◆ **Problem details**
What you return should match the listing exactly, minus its images.

◆ **Information**
· · · · ·

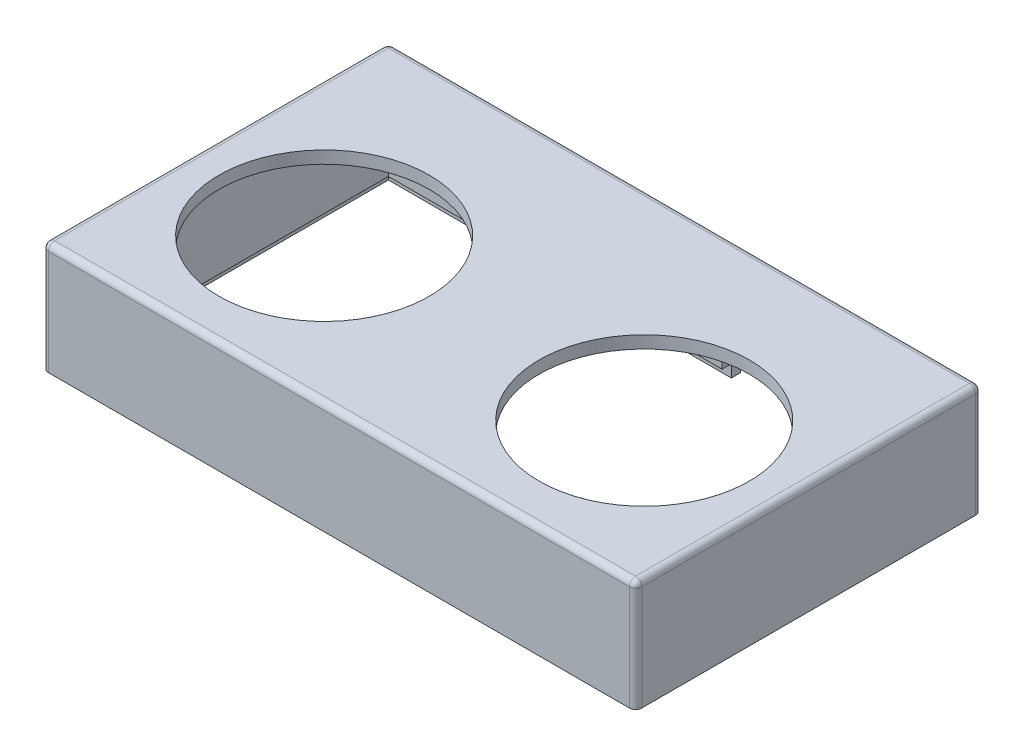
SolidWorks part; units mm, degrees
ref_plane "Front Plane" through (0, 0, 0) normal (0, 0, 1) x (1, 0, 0)
ref_plane "Top Plane" through (0, 0, 0) normal (0, 1, 0) x (1, 0, 0)
ref_plane "Right Plane" through (0, 0, 0) normal (1, 0, 0) x (0, 0, -1)
sketch "Sketch1" plane through (0, 0, 0) normal (0, 1, 0) x (1, 0, 0)
  line L1 (-24, -14) -> (24, -14)
  line L2 (-24, -14) -> (-24, 14)
  line L3 (-24, 14) -> (24, 14)
  line L4 (24, -14) -> (24, 14)
  line L5 (-24, -14) -> (24, 14) construction
  line L6 (-24, 14) -> (24, -14) construction
  point P0 (0, 0)
  dimension "D1" = 28
  dimension "D2" = 48
extrude "Boss-Extrude1" add sketch "Sketch1" along normal blind 9
sketch "Sketch2" plane through (0, 0, 0) normal (0, -1, 0) x (1, 0, 0)
  line L1 (-22.5, -12.5) -> (22.5, -12.5)
  line L2 (-22.5, -12.5) -> (-22.5, 12.5)
  line L3 (-22.5, 12.5) -> (22.5, 12.5)
  line L4 (22.5, -12.5) -> (22.5, 12.5)
  line L5 (-22.5, -12.5) -> (22.5, 12.5) construction
  line L6 (-22.5, 12.5) -> (22.5, -12.5) construction
  point P0 (0, 0)
  dimension "D1" = 45
  dimension "D2" = 25
extrude "Cut-Extrude1" cut sketch "Sketch2" against normal blind 8
sketch "Sketch3" plane through (0, 9, 0) normal (0, 1, 0) x (1, 0, 0)
  line L0 (-24, -14) -> (24, -14) construction
  line L1 (24, -14) -> (24, 14) construction
  circle A0 centre (-12.95, -2.25) radius 8.5
  circle A1 centre (12.95, -2.25) radius 8.5
  dimension "D1" = 17
  dimension "D2" = 17
  dimension "D3" = 25.9
  dimension "D4" = 11.75
  dimension "D5" = 11.05
  dimension "D6" = 11.75
extrude "Cut-Extrude2" cut sketch "Sketch3" against normal blind 22
sketch "Sketch4" plane through (0, 0, 0) normal (0, -1, 0) x (1, 0, 0)
  line L1 (-23.25, -13.25) -> (23.25, -13.25)
  line L2 (-23.25, -13.25) -> (-23.25, 13.25)
  line L3 (-23.25, 13.25) -> (23.25, 13.25)
  line L4 (23.25, -13.25) -> (23.25, 13.25)
  line L5 (-23.25, -13.25) -> (23.25, 13.25) construction
  line L6 (-23.25, 13.25) -> (23.25, -13.25) construction
  point P0 (0, 0)
  dimension "D1" = 46.5
  dimension "D2" = 26.5
extrude "Cut-Extrude3" cut sketch "Sketch4" against normal blind 1
sketch "Sketch10" plane through (0, 0, 0) normal (0, 0, 1) x (1, 0, 0)
  line L1 (12.5, 0) -> (4.5, 0)
  line L2 (12.5, 0) -> (12.5, 3.5)
  line L3 (12.5, 3.5) -> (4.5, 3.5)
  line L4 (4.5, 0) -> (4.5, 3.5)
  line L5 (12.5, 0) -> (4.5, 3.5) construction
  line L6 (12.5, 3.5) -> (4.5, 0) construction
  line L7 (22.5, 8) -> (22.5, 1) construction
  point P0 (8.5, 1.75)
  dimension "D1" = 8
  dimension "D2" = 3.5
  dimension "D3" = 1.75
  dimension "D4" = 10
extrude "Cut-Extrude4" cut sketch "Sketch10" against normal through all
fillet "Fillet5" radius 0.5 8 edges at (0, 9, -14) (24, 4.5, -14) (24, 4.5, 14) (-24, 4.5, -14) (-24, 9, 0) (-24, 4.5, 14) (0, 9, 14) (24, 9, 0)

· · · · ·

◆ **Final answer**
SolidWorks part; units mm, degrees
ref_plane "Front Plane" through (0, 0, 0) normal (0, 0, 1) x (1, 0, 0)
ref_plane "Top Plane" through (0, 0, 0) normal (0, 1, 0) x (1, 0, 0)
ref_plane "Right Plane" through (0, 0, 0) normal (1, 0, 0) x (0, 0, -1)
sketch "Sketch1" plane through (0, 0, 0) normal (0, 1, 0) x (1, 0, 0)
  line L1 (-24, -14) -> (24, -14)
  line L2 (-24, -14) -> (-24, 14)
  line L3 (-24, 14) -> (24, 14)
  line L4 (24, -14) -> (24, 14)
  line L5 (-24, -14) -> (24, 14) construction
  line L6 (-24, 14) -> (24, -14) construction
  point P0 (0, 0)
  dimension "D1" = 28
  dimension "D2" = 48
extrude "Boss-Extrude1" add sketch "Sketch1" along normal blind 9
sketch "Sketch2" plane through (0, 0, 0) normal (0, -1, 0) x (1, 0, 0)
  line L1 (-22.5, -12.5) -> (22.5, -12.5)
  line L2 (-22.5, -12.5) -> (-22.5, 12.5)
  line L3 (-22.5, 12.5) -> (22.5, 12.5)
  line L4 (22.5, -12.5) -> (22.5, 12.5)
  line L5 (-22.5, -12.5) -> (22.5, 12.5) construction
  line L6 (-22.5, 12.5) -> (22.5, -12.5) construction
  point P0 (0, 0)
  dimension "D1" = 45
  dimension "D2" = 25
extrude "Cut-Extrude1" cut sketch "Sketch2" against normal blind 8
sketch "Sketch3" plane through (0, 9, 0) normal (0, 1, 0) x (1, 0, 0)
  line L0 (-24, -14) -> (24, -14) construction
  line L1 (24, -14) -> (24, 14) construction
  circle A0 centre (-12.95, -2.25) radius 8.5
  circle A1 centre (12.95, -2.25) radius 8.5
  dimension "D1" = 17
  dimension "D2" = 17
  dimension "D3" = 25.9
  dimension "D4" = 11.75
  dimension "D5" = 11.05
  dimension "D6" = 11.75
extrude "Cut-Extrude2" cut sketch "Sketch3" against normal blind 22
sketch "Sketch4" plane through (0, 0, 0) normal (0, -1, 0) x (1, 0, 0)
  line L1 (-23.25, -13.25) -> (23.25, -13.25)
  line L2 (-23.25, -13.25) -> (-23.25, 13.25)
  line L3 (-23.25, 13.25) -> (23.25, 13.25)
  line L4 (23.25, -13.25) -> (23.25, 13.25)
  line L5 (-23.25, -13.25) -> (23.25, 13.25) construction
  line L6 (-23.25, 13.25) -> (23.25, -13.25) construction
  point P0 (0, 0)
  dimension "D1" = 46.5
  dimension "D2" = 26.5
extrude "Cut-Extrude3" cut sketch "Sketch4" against normal blind 1
sketch "Sketch10" plane through (0, 0, 0) normal (0, 0, 1) x (1, 0, 0)
  line L1 (12.5, 0) -> (4.5, 0)
  line L2 (12.5, 0) -> (12.5, 3.5)
  line L3 (12.5, 3.5) -> (4.5, 3.5)
  line L4 (4.5, 0) -> (4.5, 3.5)
  line L5 (12.5, 0) -> (4.5, 3.5) construction
  line L6 (12.5, 3.5) -> (4.5, 0) construction
  line L7 (22.5, 8) -> (22.5, 1) construction
  point P0 (8.5, 1.75)
  dimension "D1" = 8
  dimension "D2" = 3.5
  dimension "D3" = 1.75
  dimension "D4" = 10
extrude "Cut-Extrude4" cut sketch "Sketch10" against normal through all
fillet "Fillet5" radius 0.5 8 edges at (0, 9, -14) (24, 4.5, -14) (24, 4.5, 14) (-24, 4.5, -14) (-24, 9, 0) (-24, 4.5, 14) (0, 9, 14) (24, 9, 0)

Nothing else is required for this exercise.